History of the mandoc toolset

The following resources document mandoc history:

History of the names "mandoc" and "mdocml"

Historically, the mandoc toolset used to be called mdocml. That name arose because its original functionality in December 2008 was to convert mdoc(7) input to HTML output ("MDOC to htML"). This original name almost instantly became pars pro toto when mdocml grew a terminal output mode starting on February 20, 2009 and support for the traditional macro language man(7) starting on March 23, 2009. So the program was renamed to mandoc on March 19, 2009, and it was also imported into OpenBSD on April 6, 2009 under the name of mandoc. That's how people became used to referring to the project as mandoc rather than as mdocml.
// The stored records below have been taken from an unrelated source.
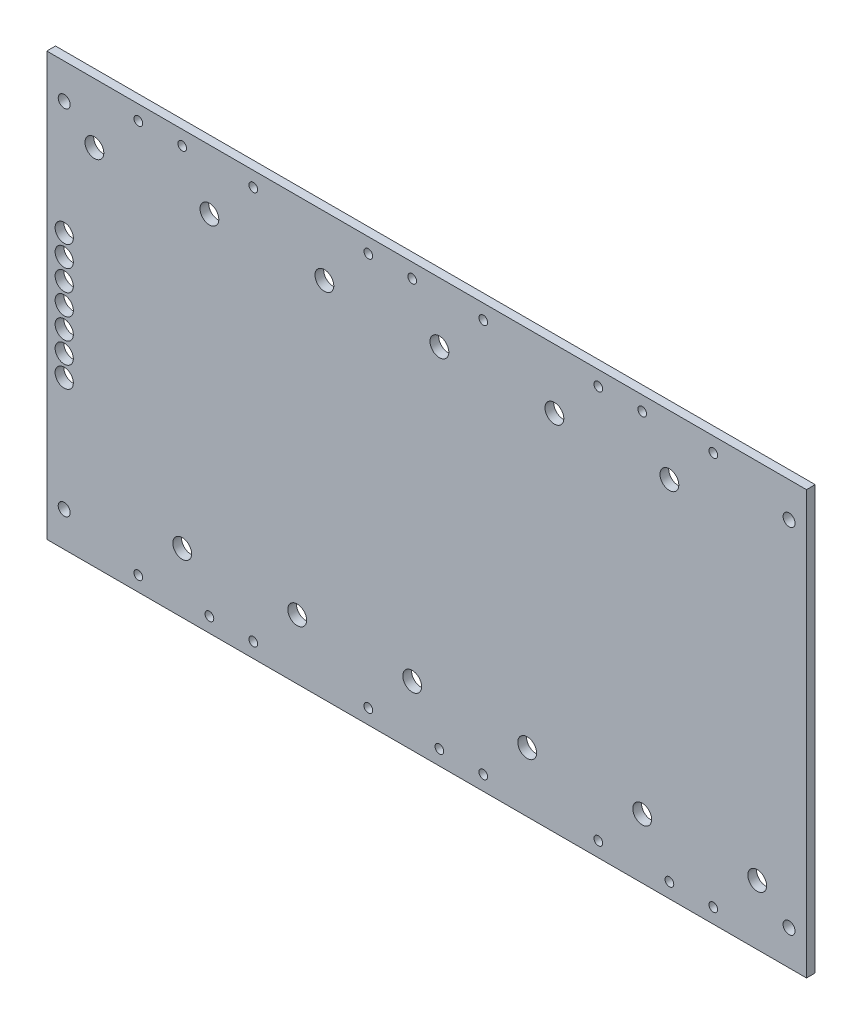
SolidWorks part; units mm, degrees
ref_plane "Front Plane" through (0, 0, 0) normal (0, 0, 1) x (1, 0, 0)
ref_plane "Top Plane" through (0, 0, 0) normal (0, 1, 0) x (1, 0, 0)
ref_plane "Right Plane" through (0, 0, 0) normal (1, 0, 0) x (0, 0, -1)
sketch "Sketch1" plane through (0, 0, 0) normal (0, 0, 1) x (1, 0, 0)
  line L0 (20.955, 77.0636) -> (20.955, 0) construction
  line L1 (0, 0) -> (132.08, 0)
  line L2 (0, 0) -> (0, 77.0636) construction
  line L3 (0, 77.0636) -> (132.08, 77.0636)
  line L4 (132.08, 77.0636) -> (132.08, 0)
  line L5 (20.6502, 77.0636) -> (20.6502, 0) construction
  line L6 (10.3251, 74.3712) -> (0, 74.3712) construction
  line L7 (10.3251, 74.3712) -> (20.6502, 74.3712) construction
  line L8 (10.3251, 2.6924) -> (10.3251, 0) construction
  line L9 (10.3251, 74.3712) -> (10.3251, 77.0636) construction
  line L10 (18.3261, 66.1543) -> (20.6502, 66.1543) construction
  line L11 (2.3241, 66.1543) -> (0, 66.1543) construction
  line L12 (18.3261, 10.9093) -> (20.6502, 10.9093) construction
  line L13 (41.6052, 77.0636) -> (41.6052, 0) construction
  line L14 (18.3261, 66.1543) -> (18.3261, 77.0636) construction
  line L15 (18.3261, 10.9093) -> (18.3261, 0) construction
  line L16 (20.955, 66.1543) -> (23.2791, 66.1543) construction
  line L17 (41.6052, 66.1543) -> (36.2579, 66.1543) construction
  line L18 (41.6052, 74.3712) -> (20.955, 74.3712) construction
  line L19 (31.2801, 74.3712) -> (31.2801, 77.0636) construction
  line L20 (31.2801, 0) -> (31.2801, 2.6924) construction
  line L21 (0, 77.0636) -> (-6.35, 77.0636)
  line L22 (-6.35, 77.0636) -> (-6.35, 0)
  line L23 (-6.35, 0) -> (0, 0)
  line L24 (41.6052, 10.9093) -> (39.2811, 10.9093) construction
  line L25 (41.6052, 2.6924) -> (31.2801, 2.6924) construction
  line L26 (83.5152, 77.0636) -> (83.5152, 0) construction
  line L27 (-3.175, 70.7136) -> (-3.175, 77.0636) construction
  line L28 (-3.175, 6.35) -> (-3.175, 0) construction
  line L29 (62.865, 77.0636) -> (62.865, 0) construction
  line L30 (62.5602, 77.0636) -> (62.5602, 0) construction
  line L31 (41.91, 0) -> (41.91, 77.0636) construction
  line L32 (125.4252, 77.0636) -> (125.4252, 0) construction
  line L33 (104.775, 77.0636) -> (104.775, 0) construction
  line L34 (104.4702, 77.0636) -> (104.4702, 0) construction
  line L35 (83.82, 0) -> (83.82, 77.0636) construction
  line L36 (41.6052, 77.0636) -> (83.5152, 77.0636) construction
  line L37 (128.905, 77.0636) -> (128.905, 70.7136) construction
  line L38 (128.905, 0) -> (128.905, 6.35) construction
  line L39 (20.955, 2.6924) -> (23.2791, 2.6924) construction
  line L40 (23.2791, 2.6924) -> (65.1891, 2.6924) construction
  line L41 (94.1451, 74.3712) -> (115.1001, 74.3712) construction
  line L42 (-3.175, 38.5318) -> (-6.35, 38.5318) construction
  line L43 (-3.175, 38.5318) -> (-3.175, 42.3418) construction
  circle A0 centre (10.3251, 74.3712) radius 0.7937
  circle A1 centre (10.3251, 2.6924) radius 0.7937
  circle A2 centre (2.3241, 66.1543) radius 1.7145
  circle A3 centre (18.3261, 74.4347) radius 0.7937
  circle A4 centre (18.3261, 10.9093) radius 1.7145
  circle A5 centre (23.2791, 66.1543) radius 1.7145
  circle A6 centre (31.2801, 74.3712) radius 0.7937
  circle A7 centre (31.2801, 2.6924) radius 0.7937
  circle A8 centre (39.2811, 10.9093) radius 1.7145
  circle A9 centre (31.2801, 2.6924) radius 0.7937
  circle A10 centre (65.1891, 66.1543) radius 1.7145
  circle A11 centre (73.1901, 2.6924) radius 0.7937
  circle A12 centre (73.1901, 2.6924) radius 0.7937
  circle A13 centre (81.1911, 10.9093) radius 1.7145
  circle A14 centre (73.1901, 74.3712) radius 0.7937
  circle A15 centre (65.1891, 2.6924) radius 0.7937
  circle A16 centre (52.2351, 74.3712) radius 0.7937
  circle A17 centre (44.2341, 66.1543) radius 1.7145
  circle A18 centre (-3.175, 70.7136) radius 1.0922
  circle A19 centre (-3.175, 6.35) radius 1.0922
  circle A20 centre (60.2361, 10.9093) radius 1.7145
  circle A21 centre (52.2351, 2.6924) radius 0.7937
  circle A22 centre (107.0991, 66.1543) radius 1.7145
  circle A23 centre (115.1001, 2.6924) radius 0.7937
  circle A24 centre (115.1001, 2.6924) radius 0.7937
  circle A25 centre (123.1011, 10.9093) radius 1.7145
  circle A26 centre (60.2361, 74.4347) radius 0.7937
  circle A27 centre (102.1461, 74.4347) radius 0.7937
  circle A28 centre (94.1451, 74.3712) radius 0.7937
  circle A29 centre (86.1441, 66.1543) radius 1.7145
  circle A30 centre (102.1461, 10.9093) radius 1.7145
  circle A31 centre (94.1451, 2.6924) radius 0.7937
  circle A32 centre (128.905, 70.7136) radius 1.0922
  circle A33 centre (128.905, 6.35) radius 1.0922
  circle A34 centre (23.2791, 2.6924) radius 0.7937
  circle A35 centre (60.2361, 74.4347) radius 0.7937 [skipped]
  circle A36 centre (115.1001, 74.3712) radius 0.7937 [skipped]
  circle A37 centre (107.0991, 2.6924) radius 0.7937
  circle A38 centre (102.1461, 74.4347) radius 0.7937
  circle A39 centre (115.1001, 74.3712) radius 0.7937
  circle A40 centre (-3.175, 38.5318) radius 1.6593
  circle A41 centre (-3.175, 42.3418) radius 1.6593
  circle A42 centre (-3.175, 46.1518) radius 1.6593
  circle A43 centre (-3.175, 49.9618) radius 1.6593
  circle A44 centre (-3.175, 38.5318) radius 1.6593
  circle A45 centre (-3.175, 42.3418) radius 1.6593
  circle A46 centre (-3.175, 46.1518) radius 1.6593
  circle A47 centre (-3.175, 34.7218) radius 1.6593
  circle A48 centre (-3.175, 38.5318) radius 1.6593
  circle A49 centre (-3.175, 42.3418) radius 1.6593
  circle A50 centre (-3.175, 30.9118) radius 1.6593
  circle A51 centre (-3.175, 34.7218) radius 1.6593
  circle A52 centre (-3.175, 38.5318) radius 1.6593
  circle A53 centre (-3.175, 34.7218) radius 1.6593
  circle A54 centre (-3.175, 30.9118) radius 1.6593
  circle A55 centre (-3.175, 27.1018) radius 1.6593
  dimension "D6" = 1.5875
  dimension "D7" = 3.429
  dimension "D13" = 2.1844
  dimension "D15" = 20.6502
  dimension "D11" = 1.5875
  dimension "D16" = 3
  dimension "D18" = 41.91
  dimension "D24" = 3.3186
  dimension "D1" = 77.0636
  dimension "D2" = 132.08
  dimension "D3" = 20.6502
  dimension "D4" = 20.955
  dimension "D5" = 71.6788
  dimension "D8" = 16.002
  dimension "D9" = 55.245
  dimension "D10" = 8.2804
  dimension "D12" = 6.35
  dimension "D14" = 6.35
  dimension "D17" = 3
  dimension "D19" = 71.6788
  dimension "D20" = 3.175
  dimension "D21" = 41.91
  dimension "D23" = 20.955
  dimension "D27" = 3.81
  dimension "D22" = 2
  dimension "D25" = 4
  dimension "D26" = 4
extrude "Boss-Extrude1" add sketch "Sketch1" along normal blind 1.5875

During the spring of 2014, the main title on the website was changed from mdocml to mandoc to reflect common usage. The old name mdocml continued to be used as a domain name and for the release tarballs up to the 1.14.1 release in February 2017. The last remnants of the old name were finally purged with the 1.14.2 release in July 2017, when the domain name and the name of the release tarballs were also changed to mandoc.

The name mandoc was originally coined by Cynthia Livingston, probably on June 11, 1990, or possibly even earlier, as a command line option to roff, to automatically select the -mdoc or -man macro set depending on the presence of the .Dd or .TH macro in the input file. So it is originally a compound of the three components -m, an, and doc.